Hungary has blocked a €90 billion EU loan package for Ukraine and vowed to maintain its veto until Kyiv restores Russian oil transit to Hungary via the Druzhba pipeline.
Foreign Minister Péter Szijjártó announced that Budapest will not support the approval of what he described as a “war loan” while Ukraine continues to restrict deliveries through the Soviet-era pipeline.
He accused Kyiv of using the dispute as political blackmail, arguing that halting transit is designed to create supply disruptions in Hungary and drive up domestic fuel prices. According to Szijjártó, the move threatens Hungary’s energy security and risks pushing petrol prices sharply higher.
“If Ukraine blocks Druzhba, we will block decisions that are friendly to Ukraine,” he said, making clear that the loan will remain frozen until oil flows resume.
The Hungarian government argues that suspending transit violates existing contracts and EU legal obligations governing energy flows within the bloc. Officials in Budapest say the measure is politically motivated and aimed at exerting economic pressure on Hungary.
Prime Minister Viktor Orbán said Ukraine’s actions risk destabilising Hungary ahead of April’s parliamentary elections, suggesting the disruption could benefit a pro-Ukraine opposition government.
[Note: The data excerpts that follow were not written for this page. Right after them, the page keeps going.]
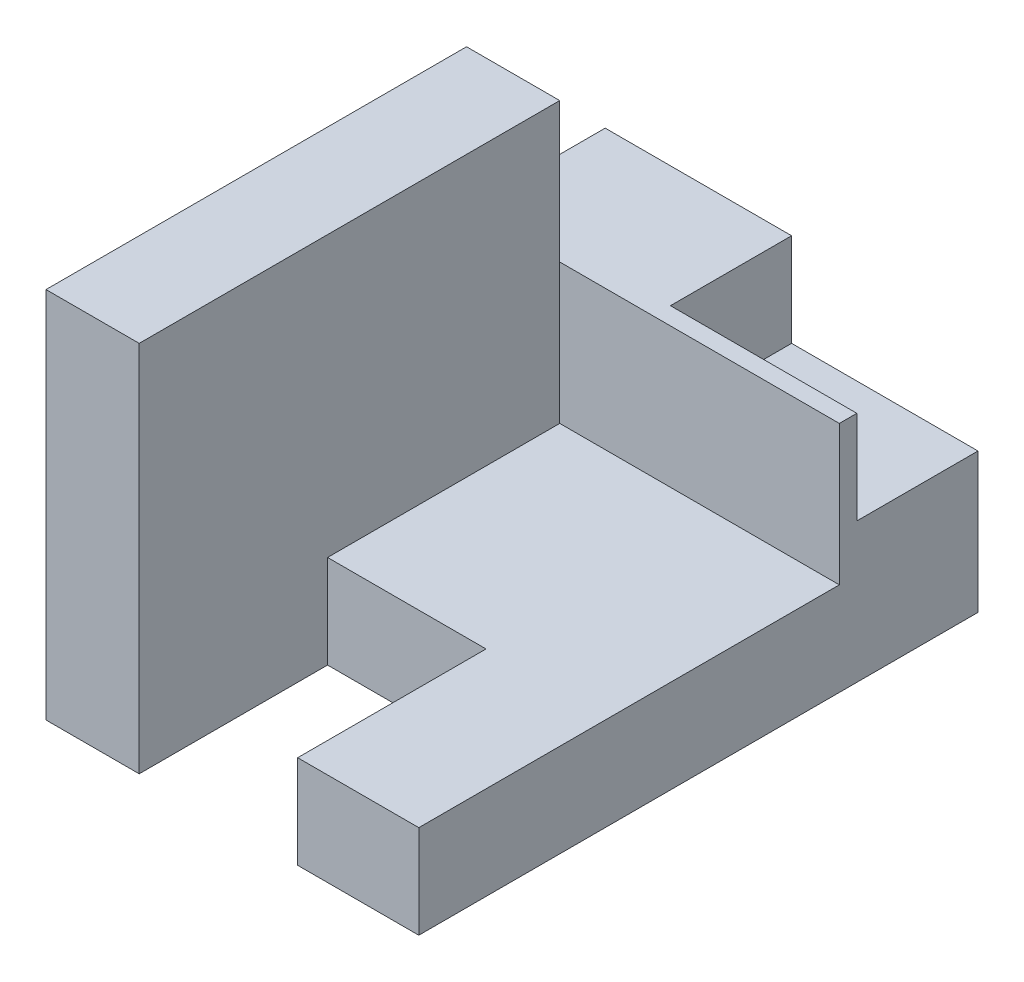
from build123d import *

# Parameters (mm, degrees)
SKETCH1_W           = 40
SKETCH1_H           = 40
BOSS_EXTRUDE1_DEPTH = 60
SKETCH2_W           = 17.003973312
SKETCH2_H           = 20.210355484
CUT_EXTRUDE1_DEPTH  = 50
SKETCH3_W           = 30
SKETCH3_H           = 45.122215106
CUT_EXTRUDE2_DEPTH  = 30
SKETCH4_W           = 40
SKETCH4_H           = 14.877784894
CUT_EXTRUDE3_DEPTH  = 15
SKETCH5_W           = 20
SKETCH5_H           = 13
CUT_EXTRUDE4_DEPTH  = 10


with BuildPart() as part:
    # Sketch1 → Boss-Extrude1 (new body)
    with BuildSketch(Plane.XY):
        with Locations((20, 20)):
            Rectangle(SKETCH1_W, SKETCH1_H)
    extrude(amount=BOSS_EXTRUDE1_DEPTH)

    # Sketch2 → Cut-Extrude1 (cut)
    with BuildSketch(Plane(origin=(0, 40, 0), x_dir=(1, 0, 0), z_dir=(0, 1, 0))):
        with Locations((18.501986656, -49.894822258)):
            Rectangle(SKETCH2_W, SKETCH2_H)
    extrude(amount=-CUT_EXTRUDE1_DEPTH, mode=Mode.SUBTRACT)

    # Sketch3 → Cut-Extrude2 (cut)
    with BuildSketch(Plane(origin=(0, 40, 0), x_dir=(1, 0, 0), z_dir=(0, 1, 0))):
        with Locations((25, -37.438892447)):
            Rectangle(SKETCH3_W, SKETCH3_H)
    extrude(amount=-CUT_EXTRUDE2_DEPTH, mode=Mode.SUBTRACT)

    # Sketch4 → Cut-Extrude3 (cut)
    with BuildSketch(Plane(origin=(0, 40, 0), x_dir=(1, 0, 0), z_dir=(0, 1, 0))):
        with Locations((20, -7.438892447)):
            Rectangle(SKETCH4_W, SKETCH4_H)
    extrude(amount=-CUT_EXTRUDE3_DEPTH, mode=Mode.SUBTRACT)

    # Sketch5 → Cut-Extrude4 (cut)
    with BuildSketch(Plane(origin=(0, 25, 0), x_dir=(1, 0, 0), z_dir=(0, 1, 0))):
        with Locations((30, -6.5)):
            Rectangle(SKETCH5_W, SKETCH5_H)
    extrude(amount=-CUT_EXTRUDE4_DEPTH, mode=Mode.SUBTRACT)


solid = part.part
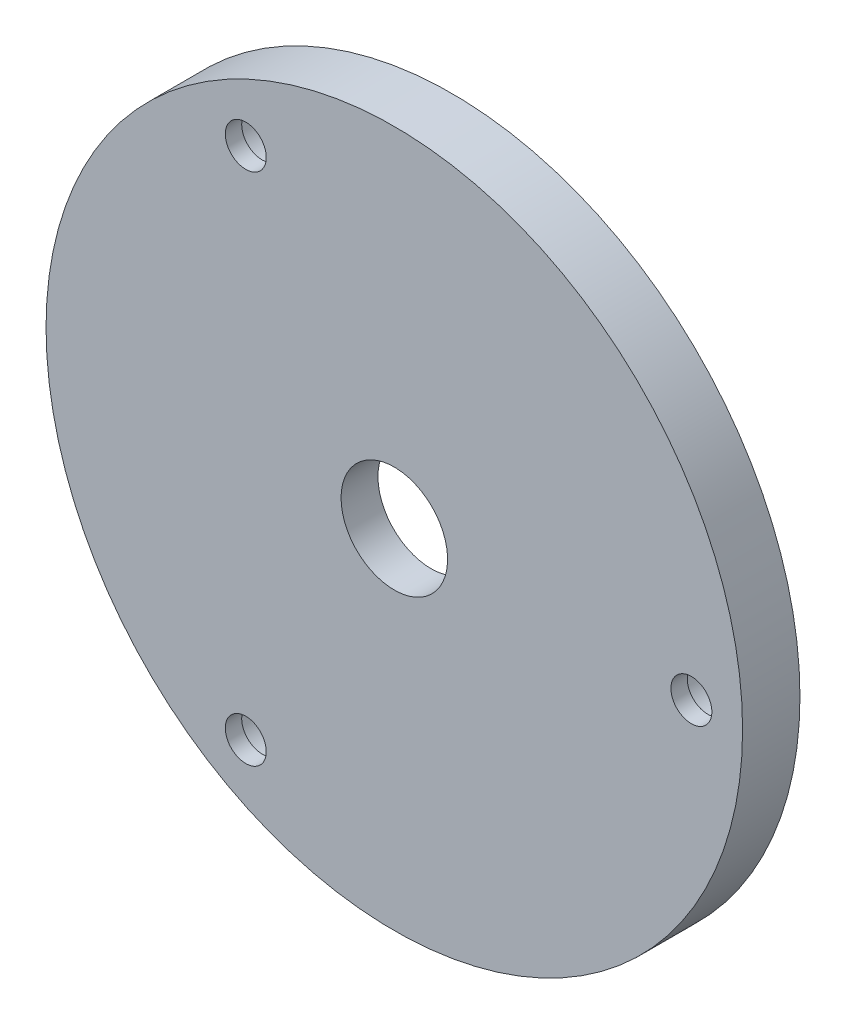
from build123d import *

# Parameters (mm, degrees)
SKETCH_1_W                    = 85
SKETCH_1_H                    = 14
HOLE_WIZARD_M24_1_D           = 26
HOLE_WIZARD_M24_1_CBORE_D     = 120
HOLE_WIZARD_M24_1_CBORE_DEPTH = 5
HOLE_WIZARD_M8_1_D            = 10
HOLE_WIZARD_M8_1_CBORE_D      = 16
HOLE_WIZARD_M8_1_CBORE_DEPTH  = 10


with BuildPart() as part:
    # 草图1 → 旋转1 (revolve)
    with BuildSketch(Plane(origin=(0, 0, 0), x_dir=(1, 0, 0), z_dir=(0, 1, 0))):
        with Locations((42.5, -7)):
            Rectangle(SKETCH_1_W, SKETCH_1_H)
    revolve(axis=Axis((0, 0, 0), (0, 0, 1)))

    # M24 六角头螺栓的柱形沉头孔1 (through all)
    with Locations(Plane(origin=(0, 0, 0), x_dir=(-1, 0, 0), z_dir=(0, 0, -1))):
        with Locations((0, 0)):
            CounterBoreHole(HOLE_WIZARD_M24_1_D / 2, HOLE_WIZARD_M24_1_CBORE_D / 2, HOLE_WIZARD_M24_1_CBORE_DEPTH)

    # M8 六角头螺栓的柱形沉头孔1 (through all)
    with Locations(Plane(origin=(0, 0, 0), x_dir=(-1, 0, 0), z_dir=(0, 0, -1))):
        with Locations((36.25, 62.786841774), (-72.5, 0), (36.25, -62.786841774)):
            CounterBoreHole(HOLE_WIZARD_M8_1_D / 2, HOLE_WIZARD_M8_1_CBORE_D / 2, HOLE_WIZARD_M8_1_CBORE_DEPTH)


solid = part.part

The €90 billion package requires unanimous approval from all member states because it amends EU budget rules to allow joint borrowing for a non-EU country. Hungary’s opposition therefore prevents its final adoption, despite broad backing elsewhere in the bloc.
The European Commission, led by Ursula von der Leyen, has scheduled an extraordinary meeting next week to address the escalating energy dispute.
Budapest has made clear it will not separate energy security from financial support for Kyiv. Until oil transit through Druzhba is fully restored, Hungarian officials say, the veto will stand.